The Dow Jones Industrial Average finished down 0.32%, the S&P 500 lost 1.43% and the Nasdaq Composite dropped 2.43%.
"The market is focused on the mega tech names to underpin a viable rally, and yesterday's disappointment with Alphabet's earnings report is viewed as a potential harbinger of perhaps more disappointment," Quincy Krosby, chief global strategist for LPL Financial in Charlotte, said in an email.
In Europe, the STOXX 600 was little changed, after coming under pressure from a near-60% slump in shares of Worldline after the French payments company cut its financial targets. In a heavy day for bank earnings, Deutsche Bank was an outlier, with a 8% rise in its shares.

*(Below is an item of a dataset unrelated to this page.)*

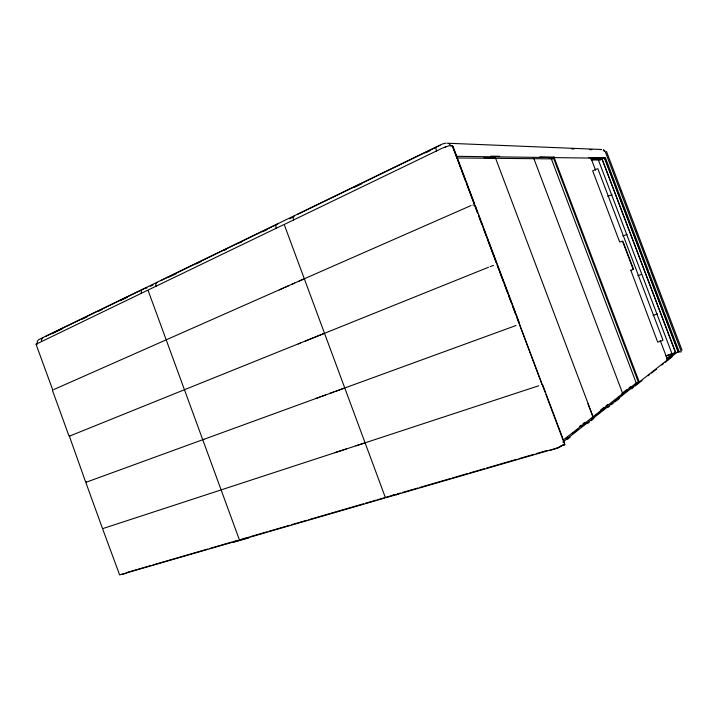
<?xml version="1.0" encoding="UTF-8"?>
<svg xmlns="http://www.w3.org/2000/svg" width="718" height="718" viewBox="0 0 718 718"><rect width="100%" height="100%" fill="white"/><g stroke="black" fill="none" stroke-linecap="round" stroke-linejoin="round"><path stroke-width="1.08" d="M275.856 225.084L275.927 228.584M141.401 290.207L141.231 293.527M284.4 224.393L442.037 148.294L448.633 145.88L452.313 145.61M436.104 147.19L436.598 146.903M275.999 224.77L276.627 224.42M141.581 289.892L142.299 289.507M562.006 445.645L557.958 448.005L549.647 450.491M567.489 439.308L570.128 437.235M587.674 423.405L589.433 422.013M591.183 420.631L593.822 418.558M607.859 407.492L609.618 406.11M611.368 404.719L613.127 403.336M614.877 401.954L619.266 398.499M631.553 388.815L633.312 387.424M635.062 386.042L642.027 380.558M648.022 375.828L649.736 374.482M651.45 373.127L656.593 369.07M661.736 365.022L663.45 363.667M665.164 362.321L672.111 356.846M566.179 438.59L567.92 437.226M572.695 433.484L577.981 429.337M581.84 426.321L586.184 422.911M592.081 418.298L593.849 416.916M595.608 415.534L600.894 411.396M602.007 410.525L606.369 407.106M614.994 400.348L616.825 398.912M618.521 397.584L622.928 394.137L533.698 158.148M623.044 394.038L627.451 390.592M562.849 442.1L678.061 351.56M667.067 358.847L671.483 355.401M563.585 439.757L636.292 382.981M666.762 359.188L675.458 352.394M579.408 426.519L581.185 425.137M582.953 423.764L584.721 422.381M600.643 409.987L604.179 407.241M605.956 405.858L607.724 404.485M621.878 393.464L627.182 389.335M628.95 387.953L630.727 386.58M666.995 358.354L674.076 352.843M672.64 353.507L666.089 356.155M103.015 528.313L102.746 529.175L119.619 574.867L239.076 540.331M249.173 536.929L248.805 537.1M541.722 384.211L542.557 384.552L564.689 443.419M396.578 494.855L398.849 493.401M52.935 389.991L52.567 390.7L68.874 435.7L69.745 436.095M666.008 311.074L666.528 310.768M657.302 313.811L653.039 315.534M45.378 336.536L144.892 288.322L147.1 287.963M160.599 280.711L277.749 223.944M297.539 214.359L440.098 145.287M52.037 333.744L62.08 328.88M82.175 319.142L87.201 316.71M98.258 311.361L102.27 309.413M120.364 300.654L127.391 297.252M169.188 277.013L176.233 273.603M196.346 263.865L201.372 261.433M224.51 250.232L226.52 249.254M239.597 242.926L241.607 241.948M262.734 231.726L266.755 229.778M289.489 218.793L292.28 217.446M354.539 187.263L361.567 183.862M425.765 152.781L429.777 150.834M150.304 286.294L153.006 284.992M147.558 290.296L36.044 344.236L52.836 390.233M148.402 289.892L283.673 224.662M554.063 157.089L553.255 157.448L638.607 382.847M279.338 289.875L283.422 288.062M285.459 287.155L288.51 285.8M291.571 284.436L294.631 283.08M298.706 281.268L303.804 278.997L166.612 339.65M54.074 389.416L165.768 340.027M304.827 278.548L471.062 205.545M600.688 149.694L601.675 149.497L446.946 143.205M445.16 146.993L445.672 146.777M561.413 446.237L554.879 448.696L386.015 497.691M607.706 196.265L612.104 194.838M593.292 417.346L495.402 157.727L484.058 157.601M298.149 343.949L300.214 343.105M305.383 341.023L323.998 333.502L184.876 389.551M184.014 389.901L69.359 436.185L85.595 481.859L87.533 481.742L203.876 439.299M325.03 333.089L488.518 267.249M538.688 385.772L365.624 442.656M86.51 482.074L85.98 482.9L102.369 528.134L103.078 528.439M622.775 235.935L627.137 234.409M490.089 266.638L493.562 265.409M516.036 325.505L345.295 387.792M630.485 270.453L632.953 269.537L633.195 268.352L623.134 241.858L622.183 241.185L619.715 242.092L592.664 170.83L597.035 168.847L597.897 168.802L662.992 340.197L662.283 340.664L657.688 342.109L630.835 270.318M637.871 275.694L641.03 274.536M203.194 439.587L344.245 388.169L335.853 391.229M315.929 398.49L320.12 396.955M322.22 396.192L325.371 395.053M329.562 393.518L333.762 391.992M377.803 499.647L396.085 494.325M104.334 528.089L220.677 490.053M221.557 489.757L364.564 443.006L356.047 445.779M334.776 452.699L346.48 448.894M666.277 355.616L672.64 353.579M639.191 382.111L636.229 383.035L551.361 158.866L554.17 157.61L639.253 382.057M233.538 541.551L237.694 540.304M560.65 445.995L564.833 444.783L545.895 394.406M127.364 572.381L150.924 565.542M153.06 564.922L207.655 549.064M209.8 548.444L232.282 541.91M241.463 539.245L247.539 537.486M250.914 536.499L266.988 531.832M269.133 531.212L289.489 525.298M291.634 524.678L306.64 520.317M308.776 519.697L363.434 503.821M365.57 503.201L376.286 500.087M397.35 493.975L400.581 493.033M402.726 492.404L417.804 488.034M419.958 487.405L450.096 478.646M452.25 478.026L467.328 473.647M469.473 473.018L484.551 468.648M486.705 468.019L516.843 459.26M518.997 458.64L534.075 454.261M536.22 453.632L546.99 450.509M239.875 540.107L384.848 498.032M126.772 573.144L122.239 574.391M233.79 542.225L248.805 537.872M392.701 495.294L395.797 494.424M635.547 230.945L636.13 230.801M42.838 337.702L41.447 339.677L41.545 341.589M156.955 282.407L155.725 284.418L155.923 286.446M472.92 205.142L474.284 205.007M620.37 191.006L620.98 190.952M294.174 215.921L293.204 217.931L293.527 220.103M681.328 351.838L678.232 352.017L604.421 157.825L588.823 157.592M562.652 444.81L564.833 444.783M445.761 143.133L442.234 144.067L38.772 339.596L37.336 341.158L37.022 344.119M591.605 159.97L600.535 160.042M456.451 157.942L552.806 158.875M590.905 159.243L602.106 159.36M549.252 158.319L551.496 158.346M456.46 156.318L604.592 158.274M490.762 156.165L499.674 156.291M539.792 156.874L554.278 157.089M571.716 148.913L573.96 149.003M589.631 149.613L591.874 149.703M651.8 270.83L666.816 310.158M603.506 149.829L604.888 150.825M449.055 143.735L451.407 146.086M603.291 150.143L604.466 151.435M606.477 151.444L621.258 190.315M621.6 191.212L636.408 230.173M636.749 231.079L651.621 270.354M667.166 311.065L682.073 350.276M605.256 151.615L620.074 190.575M620.415 191.473L635.259 230.523M635.601 231.42L650.481 270.551M650.822 271.458L665.73 310.679M666.08 311.585L681.023 350.896M605.337 157.556L618.189 191.356M618.53 192.253L633.357 231.268M633.698 232.165L648.56 271.26M648.901 272.167L663.791 311.352M664.141 312.258L679.066 351.524M604.556 157.825L678.33 351.937M603.712 158.131L603.883 158.579M677.316 351.802L677.487 352.251M601.98 158.678L675.611 352.448M601.935 158.911L675.638 352.852M674.723 352.637L674.893 353.085M598.453 160.15L672.371 354.71M590.779 157.628L595.536 170.157M622.515 241.194L633.222 269.403M660.201 340.44L667.731 360.292M587.97 403.821L593.14 417.409M452.896 146.086L474.706 204.091M475.208 205.429L497.089 263.623M497.592 264.969L519.545 323.351M452.771 146.732L477.632 212.851M478.421 214.942L545.106 392.306M452.511 146.346L456.792 157.736M457.572 159.8L461.073 169.116M461.853 171.189L465.354 180.505M466.52 183.611L473.916 203.275M474.813 205.653L477.542 212.923M479.103 217.078L481.841 224.348M483.402 228.503L486.131 235.773M487.307 238.888L496.282 262.77M497.179 265.157L499.145 270.363M499.925 272.445L503.453 281.824M504.233 283.915L507.761 293.285M508.541 295.376L511.288 302.664M512.849 306.837L515.596 314.125M517.157 318.298L519.123 323.504M519.626 324.859L541.641 383.403M284.4 225.03L304.082 278.162M304.54 279.392L324.285 332.676M324.742 333.915L344.541 387.361M344.999 388.6L364.861 442.216M365.327 443.455L385.243 497.233M148.186 290.655L165.984 339.282M166.397 340.404L184.239 389.156M184.652 390.287L202.548 439.183M202.961 440.313L220.911 489.335M221.323 490.475L239.318 539.631M436.436 151.202L435.943 148.258M36.295 344.075L37.399 343.419L36.295 344.075"/></g></svg>
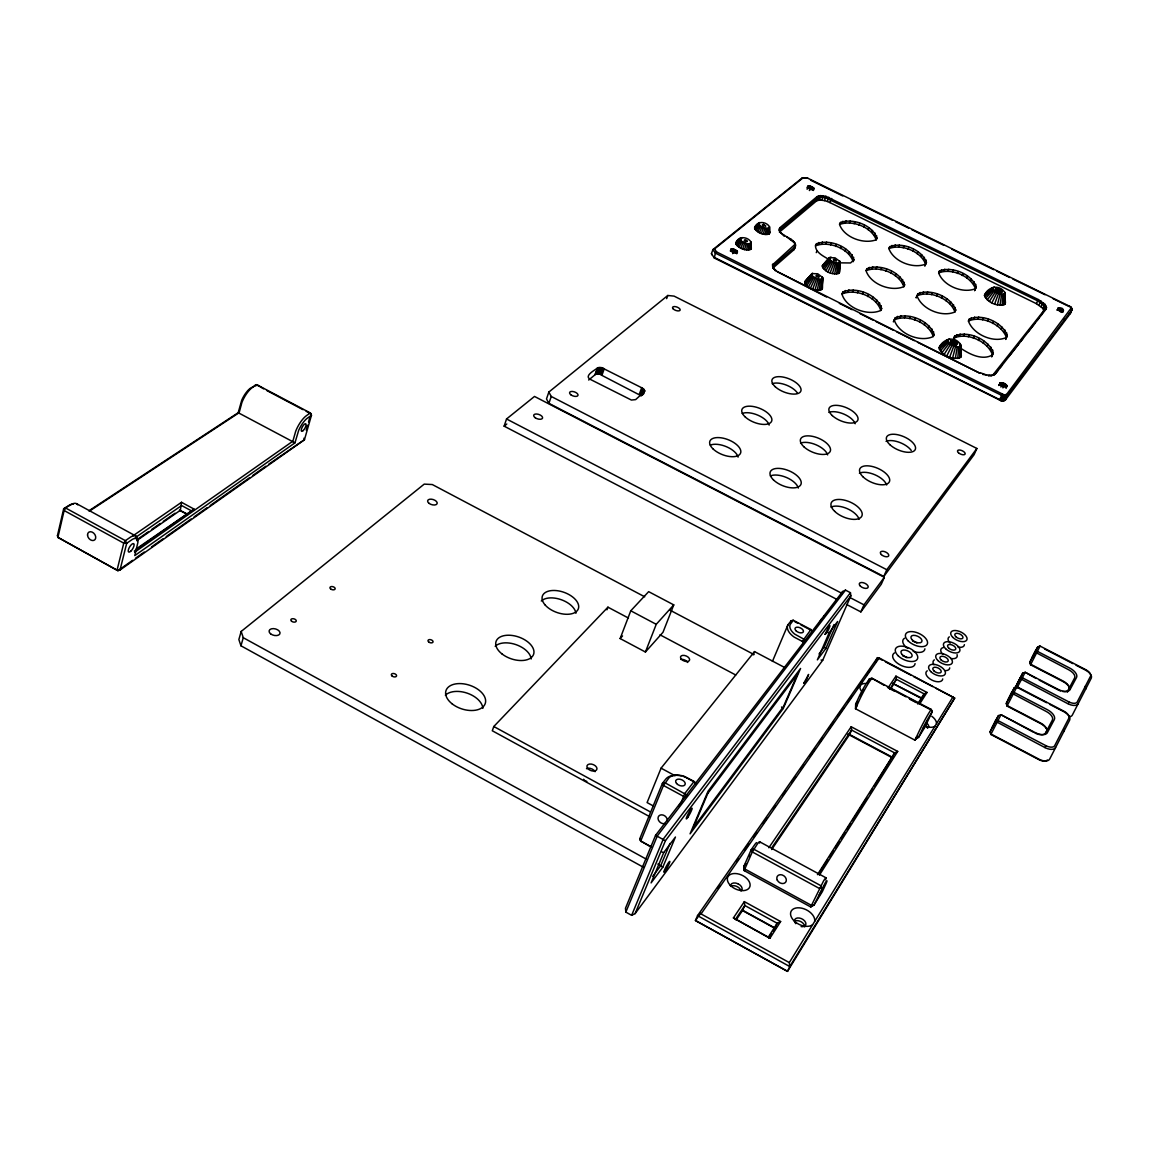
<?xml version="1.0" encoding="UTF-8"?>
<svg xmlns="http://www.w3.org/2000/svg" width="1149" height="1149" viewBox="0 0 1149 1149"><rect width="100%" height="100%" fill="white"/><g stroke="black" fill="none" stroke-linecap="round" stroke-linejoin="round"><path stroke-width="1.5" d="M959.63 358.014L959.788 346.581L960.823 345.346C956.399 336.154 944.464 337.677 939.58 346.581L939.063 347.788C941.62 355.601 953.44 360.7 960.866 357.152L960.823 345.346M749.823 249.778L749.938 243.574L751.015 242.008C747.697 236.579 738.319 235.66 735.863 242.856L735.863 243.803C738.663 248.486 745.658 251.258 750.828 249.276L751.015 242.008M1003.896 304.945L1004.097 294.101L1005.016 293.009C1000.693 284.622 989.332 285.728 984.88 294.316L984.434 295.394C987.206 302.517 997.964 307.228 1005.016 304.198L1005.016 293.009M768.351 234.339L768.494 228.234L769.514 226.726C766.211 221.455 757.062 220.479 754.634 227.559L754.649 228.464C757.464 233.003 764.257 235.746 769.327 233.85L769.514 226.726M822.454 288.471L822.67 277.527L817.715 273.778L811.941 273.606L804.717 281.979C806.469 288.342 816.049 291.803 821.937 289.376L822.67 277.527M839.689 272.241L839.919 261.484L835.036 257.836L829.406 257.635L822.282 265.879C824.106 272.04 833.398 275.43 839.187 273.117L839.919 261.484M821.937 289.376L822.727 278.23M839.187 273.117L839.976 262.159M822.066 279.853L822.253 276.751M839.301 263.796L839.488 260.722M957.763 358.459L958.654 346.84L959.788 346.581M820.846 289.993L822.397 278.79M1002.172 305.318L1003.063 294.316L1004.097 294.101M838.124 273.706L839.66 262.704M748.387 250.022L748.918 243.746L749.938 243.574M766.957 234.554L767.489 228.392L768.494 228.234M884.27 685.379L871.861 678.226L869.491 678.8L866.533 683.109A14.535 1.206 -62.6 0 0 859.366 696.064L855.675 704.15L855.502 708.746L914.934 740.157L917.204 736.523M1071.414 307.702L1006.524 394.509L1007.142 396.089L1003.838 396.477L715.339 253.096L712.926 249.606L714.52 248.96L716.588 251.933L1004.025 394.825L1001.296 400.857L714.333 258.037L711.432 253.656L712.926 249.606L802.131 177.98L807.819 178.224L1070.609 306.783L1071.988 309.857L1007.142 396.089L1005.318 400.096L1001.296 400.857M819.251 290.28L820.716 279.351L821.707 279.178M825.872 196.321L824.565 200.615L819.697 199.998L816.566 200.888L779.424 232.112L780.559 229.168L817.686 198.045L820.803 197.154L825.671 197.772L1037.633 300.837L1043.895 305.332L1044.858 309.296L992.635 375.306L995.336 373.985L1046.308 308.822L1045.231 304.499L1038.409 299.587L825.872 196.321L820.501 195.632L817.111 196.594L779.898 227.717L779.223 230.245L780.702 232.974L780.085 231.883C784.451 237.671 800.365 240.012 793.787 249.864L772.774 268.205L773.923 265.189L794.936 246.906L795.611 245.857L794.117 241.922M836.573 273.993L838.038 263.236L839 263.078M1005.318 400.096L1070.265 313.591L1071.988 308.894L1069.159 305.878M955.365 358.445L957.218 346.826L958.654 346.84M999.946 305.275L1001.727 294.288L1003.063 294.316M746.62 249.951L747.654 243.689L748.918 243.746M765.248 234.482L766.268 228.335L767.489 228.392M817.269 290.237L819.481 279.322L820.716 279.351M834.648 273.936L836.831 263.207L838.038 263.236M914.934 740.157L919.545 730.362A16.546 0.905 -62.7 0 1 928.909 712.969L931.164 709.378L932.198 711.762L929.426 716.186A14.607 0.79 -62.7 0 0 922.374 729.285L918.554 737.356L916.256 737.371L915.509 739.238L918.554 737.356L924.988 727.03L932.198 711.762L931.164 709.378L871.861 678.226L869.448 681.702A16.474 1.35 -62.6 0 0 859.94 698.908L855.502 708.746M88.99 510.745L238.202 412.706L241.764 400.111A13.831 5.013 -60.9 0 1 250.008 388.491L256.73 384.656L310.345 412.951L311.465 415.277L304.456 439.722L120.027 570.005L117.902 570.68L57.91 537.373L57.45 535.621L63.669 508.792L69.672 504.971A15.698 6.233 -58.5 0 1 73.163 504.282M1002.919 387.902L1004.398 383.493L1000.305 382.832L998.869 385.518M952.607 357.985L955.566 346.538L957.218 346.826M744.653 249.592L746.247 243.444L747.654 243.689M763.324 234.137L764.889 228.091L766.268 228.335M997.375 304.815L1000.176 294L1001.727 294.288M815.029 289.85L818.074 279.078L819.481 279.322M832.465 273.548L835.467 262.949L836.831 263.207M644.704 596.791L432.311 484.548L424.225 484.117L241.175 631.447L238.863 639.548L240.96 645.81L643.426 867.251M77.73 504.828A17.795 7.052 -58.5 0 0 70.735 504.856L63.669 508.792L64.129 510.529L123.762 543.147L126.706 543.262L132.508 539.298A15.784 5.817 -58.9 0 1 137.923 542.328L134.778 555.585L294.963 442.839L298.697 430.286A13.889 4.668 -61.1 0 1 306.855 418.538L311.465 415.277L310.345 412.951L306.553 415.579A15.741 5.3 -61.1 0 0 295.724 431.162L292.866 441.187L134.663 552.209M240.96 645.81L243.272 637.709L241.175 631.447M306.194 430.099L307.602 425.202M308.535 421.956L309.928 417.058M856.163 707.87L856.766 705.946L855.675 704.15L857.642 701.292M1003.149 394.552L1000.42 400.584M837.075 599.505L504.138 426.164L506.537 418.983L534.5 396.448L884.342 577.301L881.269 584.252L860.86 611.9L846.583 604.46M794.893 244.464L772.487 264.873L773.421 268.119L777.399 271.71L979.81 373.181L917.534 342.23M749.191 856.594L749.766 855.086M548.849 392.068L546.493 398.918L548.892 403.342L883.796 576.468L974.065 454.702L976.88 448.469L674.075 296.112L667.799 295.48L548.849 392.068L551.261 396.477L886.784 569.703L976.88 448.469M548.892 403.342L551.261 396.477M828.831 197.24L827.251 201.448L824.565 200.615M1046.71 307.645L1045.231 308.205L1041.396 314.898M588.69 380.032L595.067 374.732L597.423 368.039L601.674 367.651L641.688 387.744L644.101 389.583L644.646 391.45L635.656 399.608L631.404 400.053L590.945 379.701C583.089 376.197 594.363 370.524 597.423 368.039M595.067 374.732L598.155 367.651M595.8 374.344L598.629 367.522M596.274 374.215L599.16 367.45M596.805 374.129L599.735 367.421M597.379 374.114L600.352 367.45M597.997 374.129L600.999 367.522M598.643 374.215L601.674 367.651M599.318 374.33L602.349 367.824M643.756 389.195L641.314 395.859L600.654 374.732L603.01 368.053M601.932 375.278L604.302 368.599M1008.248 394.61L1008.563 393.719M628.46 618.061L607.95 607.175L493.797 726.513L492.289 730.764L649.86 816.781M680.352 804.616L684.79 793.514L694.111 781.406L683.827 776.164A16.402 9.968 22.8 0 0 669.135 777.658L663.461 785.456L640.725 841.025L651.411 847.258M1004.398 383.493C1011.795 387.63 999.458 388.175 999.917 383.12M1047.385 760.006A7.784 4.165 27.7 0 1 1039.285 759.862L990.84 734.455L1000.98 714.707L1035.177 732.574A10.858 5.716 27.3 0 0 1047.098 733.134L1054.322 719.604A10.729 5.601 27.3 0 0 1047.428 709.737L1013.806 692.229L1011.407 692.976L1006.337 703.346L1007.027 706.046L1040.506 723.525A10.686 5.63 27.4 0 1 1047.428 730.419M1033.411 732.2L1000.98 714.707L998.452 715.597L990.093 731.827L990.84 734.455M666.65 298.639L667.799 295.48M639.261 394.409L641.688 387.744M742.613 248.974L744.796 242.999L741.076 240.873L740.329 238.087M640.395 395.098L642.837 388.419M640.883 395.471L643.325 388.807M642.277 394.595L644.101 389.583M642.55 394.983L644.388 389.985M643.354 393.719L644.575 390.373M643.469 394.093L644.69 390.761M761.313 233.52L763.467 227.646L759.805 225.577L759.029 222.877M714.333 258.037L715.339 253.096L716.588 251.933M1007.027 706.046L1016.937 686.729L1064.362 711.418A7.655 3.964 27.5 0 1 1069.073 717.766L1054.48 746.06A7.813 4.136 27.6 0 1 1046.351 745.902L997.705 720.437L995.278 721.184L990.136 731.698L990.998 734.024L1039.572 759.503A9.364 4.998 27.7 0 0 1049.655 759.13L1069.676 720.093A9.192 4.768 27.5 0 0 1064.233 711.906L1049.626 704.308M1014.395 687.748L1016.937 686.729L1014.395 687.748L1006.28 703.475L1007.199 705.587L1040.692 723.066A9.192 4.84 27.4 0 1 1046.567 731.583L1045.044 734.47M949.692 357.109L953.814 346.021L955.566 346.538M860.285 695.619L863.43 689.328M731.094 249.003L730.347 251.028L733.665 251.387L736.509 253.283L737.27 251.258C725.479 243.028 732.818 258.037 737.27 251.258M731.008 250.913L731.769 248.902M731.812 250.942L732.574 248.931M812.702 289.146L816.623 278.632L818.074 279.078M830.167 272.844L834.03 262.518L835.467 262.949M994.632 303.968L998.538 293.498L1000.176 294M999.458 400.182L1002.187 394.15M732.717 251.114L733.479 249.089M734.412 249.376L732.703 253.627M734.57 251.789L735.317 249.764M735.374 252.249L736.136 250.223M736.035 252.751L736.796 250.741M736.753 253.771L737.514 251.76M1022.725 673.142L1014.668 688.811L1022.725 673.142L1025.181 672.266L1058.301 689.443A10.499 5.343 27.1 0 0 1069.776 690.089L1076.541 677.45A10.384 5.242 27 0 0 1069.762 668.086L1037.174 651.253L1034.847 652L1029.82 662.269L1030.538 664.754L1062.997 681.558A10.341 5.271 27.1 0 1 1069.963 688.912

Overnight, Asian stocks rose from 11-month lows as investors cheered China's approval of a 1 trillion yuan ($137 billion) sovereign bond issue as a harbinger of stimulus, although MSCI's broadest index of Asia-Pacific shares outside Japan were little changed.
The MSCI All-World index fell 1%, heading for a third straight monthly decline in October, with a loss of 2.95%, largely as a function of the surge in U.S. Treasury yields.
HIGH RATES, MIXED DATA
U.S. Treasuries held onto a bounce-back after the 10-year yield breached 5% on Monday. The 10-year note last yielded 4.949%, up 10.6 basis points.
The interest rate on the most popular U.S. home loan last week jumped to the highest since September 2000 - 7.9% - driving mortgage applications to a 28-year low, a survey showed on Wednesday.
Separately, fresh data on U.S. business output showed higher levels in October, as the manufacturing sector pulled out of a five-month contraction on a pickup in new orders, and services activity accelerated modestly amid signs of easing inflationary pressures.
Strategists at Citi said the Purchasing Managers Index data was "yet another sign that a recession is not imminent."
"We continue to think the US economy will enter recession next year, but in the meantime, risks are balanced toward further Fed hikes, rather than cuts," they wrote in a note Wednesday.